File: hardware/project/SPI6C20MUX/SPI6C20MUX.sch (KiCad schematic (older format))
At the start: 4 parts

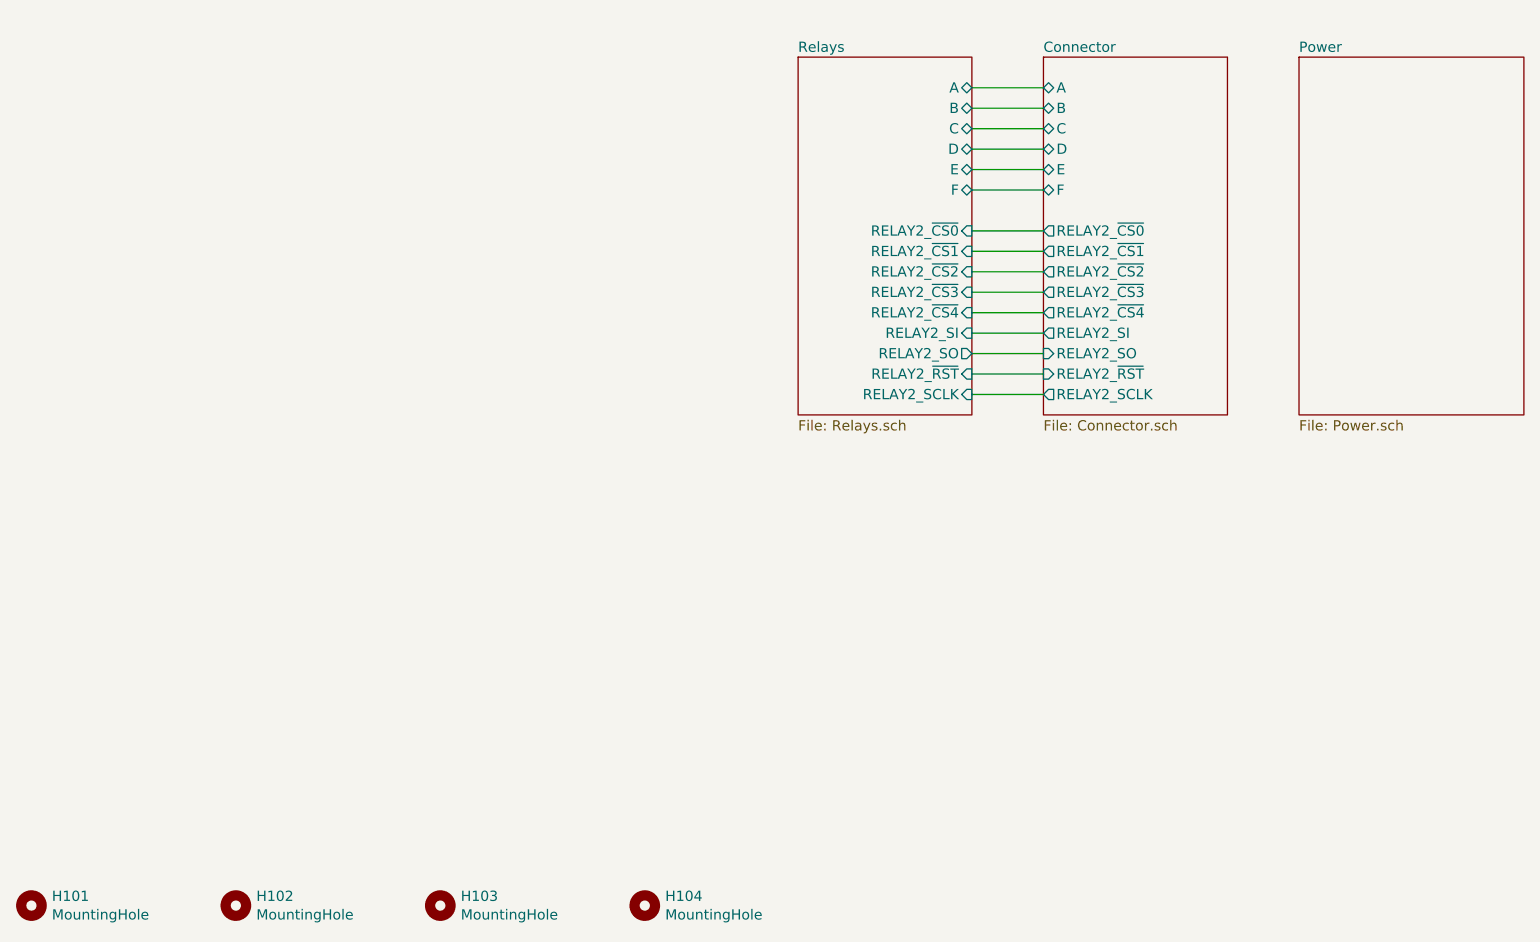
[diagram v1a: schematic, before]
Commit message: PCB main and module layout.
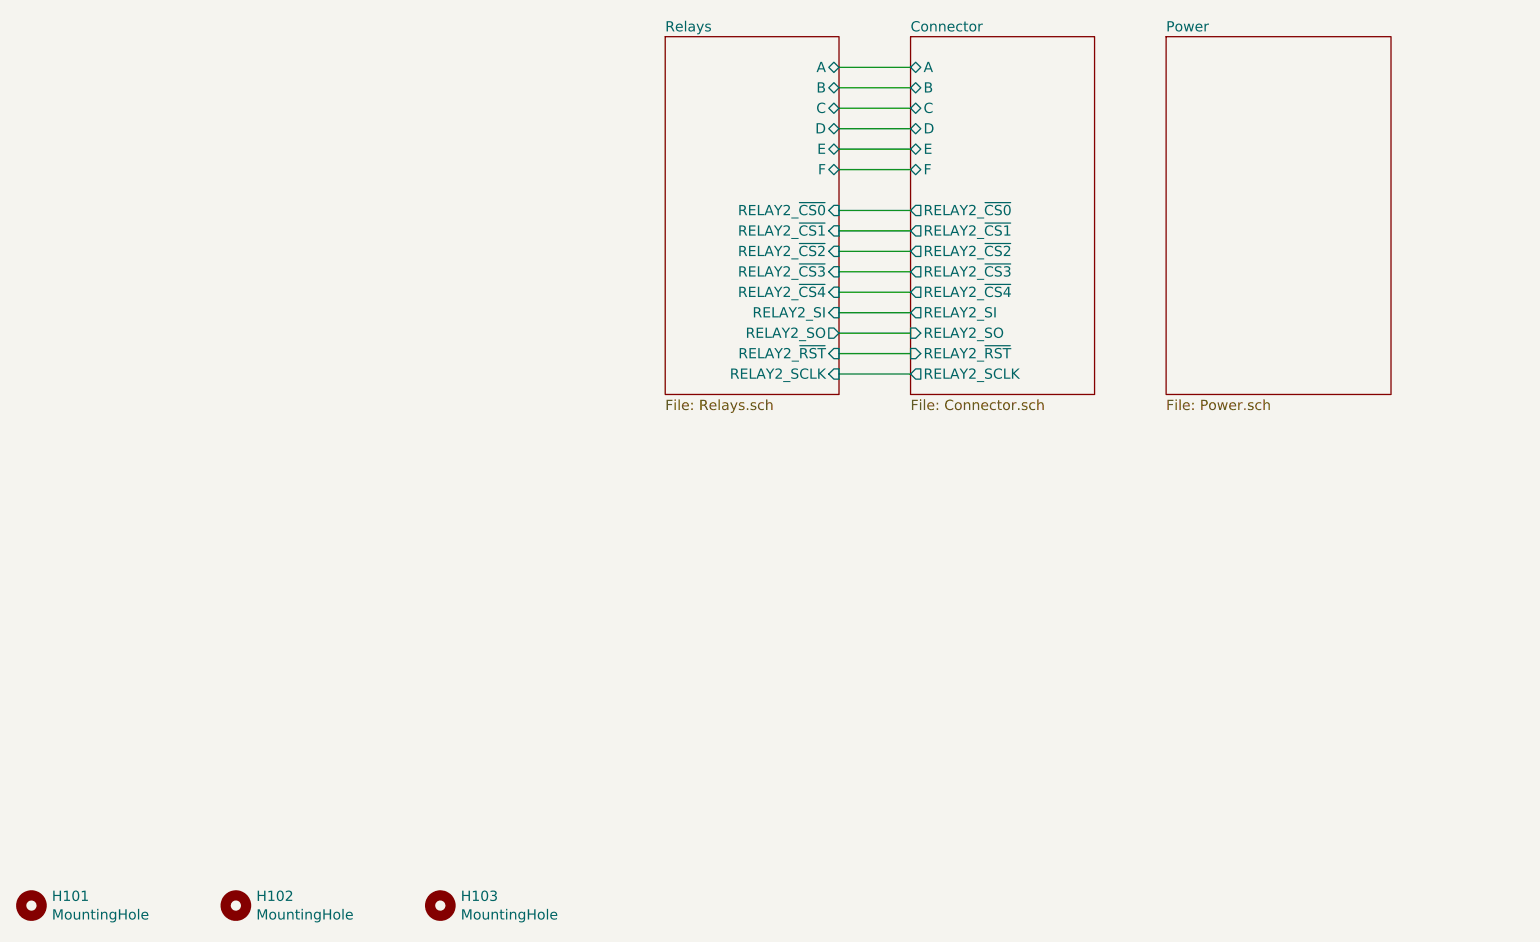
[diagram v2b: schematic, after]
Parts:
- removed H104: MountingHole, MountingHole:MountingHole_3.2mm_M3_DIN965_Pad, symbol Mechanical:MountingHole
- H101, H102, H103: footprint MountingHole:MountingHole_3.2mm_M3_DIN965_Pad -> MountingHole:MountingHole_2.7mm_M2.5_DIN965_Pad
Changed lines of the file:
@@
 $EndDescr
 $Sheet
-S 4750 2850 850  1750
+S 4100 2750 850  1750
 U 5D94E82E
 F0 "Relays" 50
 F1 "Relays.sch" 50
-F2 "F" B R 5600 3500 50
-F3 "B" B R 5600 3100 50
-F4 "E" B R 5600 3400 50
-F5 "C" B R 5600 3200 50
-F6 "D" B R 5600 3300 50
-F7 "RELAY2_~CS0" I R 5600 3700 50
-F8 "RELAY2_~CS1" I R 5600 3800 50
-F9 "RELAY2_~CS2" I R 5600 3900 50
-F10 "RELAY2_~CS3" I R 5600 4000 50
-F11 "RELAY2_SCLK" I R 5600 4500 50
-F12 "RELAY2_SI" I R 5600 4200 50
-F13 "RELAY2_SO" O R 5600 4300 50
-F14 "RELAY2_~RST" I R 5600 4400 50
-F15 "A" B R 5600 3000 50
-F16 "RELAY2_~CS4" I R 5600 4100 50
+F2 "F" B R 4950 3400 50
+F3 "B" B R 4950 3000 50
+F4 "E" B R 4950 3300 50
+F5 "C" B R 4950 3100 50
+F6 "D" B R 4950 3200 50
+F7 "RELAY2_~CS0" I R 4950 3600 50
+F8 "RELAY2_~CS1" I R 4950 3700 50
+F9 "RELAY2_~CS2" I R 4950 3800 50
+F10 "RELAY2_~CS3" I R 4950 3900 50
+F11 "RELAY2_SCLK" I R 4950 4400 50
+F12 "RELAY2_SI" I R 4950 4100 50
+F13 "RELAY2_SO" O R 4950 4200 50
+F14 "RELAY2_~RST" I R 4950 4300 50
+F15 "A" B R 4950 2900 50
+F16 "RELAY2_~CS4" I R 4950 4000 50
 $EndSheet
 $Sheet
-S 5950 2850 900  1750
+S 5300 2750 900  1750
 U 5DAAD438
 F0 "Connector" 50
 F1 "Connector.sch" 50
-F2 "A" B L 5950 3000 50
-F3 "B" B L 5950 3100 50
-F4 "C" B L 5950 3200 50
-F5 "D" B L 5950 3300 50
-F6 "E" B L 5950 3400 50
-F7 "F" B L 5950 3500 50
-F8 "RELAY2_~CS2" O L 5950 3900 50
-F9 "RELAY2_~CS1" O L 5950 3800 50
-F10 "RELAY2_~CS0" O L 5950 3700 50
-F11 "RELAY2_SCLK" O L 5950 4500 50
-F12 "RELAY2_SI" O L 5950 4200 50
-F13 "RELAY2_SO" I L 5950 4300 50
-F14 "RELAY2_~RST" I L 5950 4400 50
-F15 "RELAY2_~CS3" O L 5950 4000 50
-F16 "RELAY2_~CS4" O L 5950 4100 50
+F2 "A" B L 5300 2900 50
+F3 "B" B L 5300 3000 50
+F4 "C" B L 5300 3100 50
+F5 "D" B L 5300 3200 50
+F6 "E" B L 5300 3300 50
+F7 "F" B L 5300 3400 50
+F8 "RELAY2_~CS2" O L 5300 3800 50
+F9 "RELAY2_~CS1" O L 5300 3700 50
+F10 "RELAY2_~CS0" O L 5300 3600 50
+F11 "RELAY2_SCLK" O L 5300 4400 50
+F12 "RELAY2_SI" O L 5300 4100 50
+F13 "RELAY2_SO" I L 5300 4200 50
+F14 "RELAY2_~RST" I L 5300 4300 50
+F15 "RELAY2_~CS3" O L 5300 3900 50
+F16 "RELAY2_~CS4" O L 5300 4000 50
 $EndSheet
 Wire Wire Line
-	5600 3000 5950 3000
+	4950 2900 5300 2900
 Wire Wire Line
-	5950 3100 5600 3100
+	5300 3000 4950 3000
 Wire Wire Line
-	5600 3200 5950 3200
+	4950 3100 5300 3100
 Wire Wire Line
-	5950 3300 5600 3300
+	5300 3200 4950 3200
 Wire Wire Line
-	5600 3400 5950 3400
+	4950 3300 5300 3300
 Wire Wire Line
-	5950 3500 5600 3500
+	5300 3400 4950 3400
 Wire Wire Line
-	5600 3700 5950 3700
+	4950 3600 5300 3600
 Wire Wire Line
-	5950 3800 5600 3800
+	5300 3700 4950 3700
 Wire Wire Line
-	5600 3900 5950 3900
+	4950 3800 5300 3800
 Wire Wire Line
-	5950 4000 5600 4000
+	5300 3900 4950 3900
 Wire Wire Line
-	5600 4100 5950 4100
+	4950 4000 5300 4000
 Wire Wire Line
-	5950 4200 5600 4200
+	5300 4100 4950 4100
 Wire Wire Line
-	5600 4300 5950 4300
+	4950 4200 5300 4200
 Wire Wire Line
-	5950 4400 5600 4400
+	5300 4300 4950 4300
 Wire Wire Line
-	5600 4500 5950 4500
+	4950 4400 5300 4400
 $Comp
 L Mechanical:MountingHole H101
@@
 F 0 "H101" H 1100 7046 50  0000 L CNN
 F 1 "MountingHole" H 1100 6955 50  0000 L CNN
-F 2 "MountingHole:MountingHole_3.2mm_M3_DIN965_Pad" H 1000 7000 50  0001 C CNN
+F 2 "MountingHole:MountingHole_2.7mm_M2.5_DIN965_Pad" H 1000 7000 50  0001 C CNN
 F 3 "~" H 1000 7000 50  0001 C CNN
 	1    1000 7000
@@
 F 0 "H102" H 2100 7046 50  0000 L CNN
 F 1 "MountingHole" H 2100 6955 50  0000 L CNN
-F 2 "MountingHole:MountingHole_3.2mm_M3_DIN965_Pad" H 2000 7000 50  0001 C CNN
+F 2 "MountingHole:MountingHole_2.7mm_M2.5_DIN965_Pad" H 2000 7000 50  0001 C CNN
 F 3 "~" H 2000 7000 50  0001 C CNN
 	1    2000 7000
@@
 F 0 "H103" H 3100 7046 50  0000 L CNN
 F 1 "MountingHole" H 3100 6955 50  0000 L CNN
-F 2 "MountingHole:MountingHole_3.2mm_M3_DIN965_Pad" H 3000 7000 50  0001 C CNN
+F 2 "MountingHole:MountingHole_2.7mm_M2.5_DIN965_Pad" H 3000 7000 50  0001 C CNN
 F 3 "~" H 3000 7000 50  0001 C CNN
 	1    3000 7000
 	1    0    0    -1
 $EndComp
-$Comp
-L Mechanical:MountingHole H104
-U 1 1 5DACE154
-P 4000 7000
-F 0 "H104" H 4100 7046 50  0000 L CNN
-F 1 "MountingHole" H 4100 6955 50  0000 L CNN
-F 2 "MountingHole:MountingHole_3.2mm_M3_DIN965_Pad" H 4000 7000 50  0001 C CNN
-F 3 "~" H 4000 7000 50  0001 C CNN
-	1    4000 7000
-	1    0    0    -1
-$EndComp
 $Sheet
-S 7200 2850 1100 1750
+S 6550 2750 1100 1750
 U 5DDB03BB
 F0 "Power" 50

_Goal of the exercise:_ Answer required as a bare number: state how many lines in the material contain the word "diagram".

_Exercise output:_ 2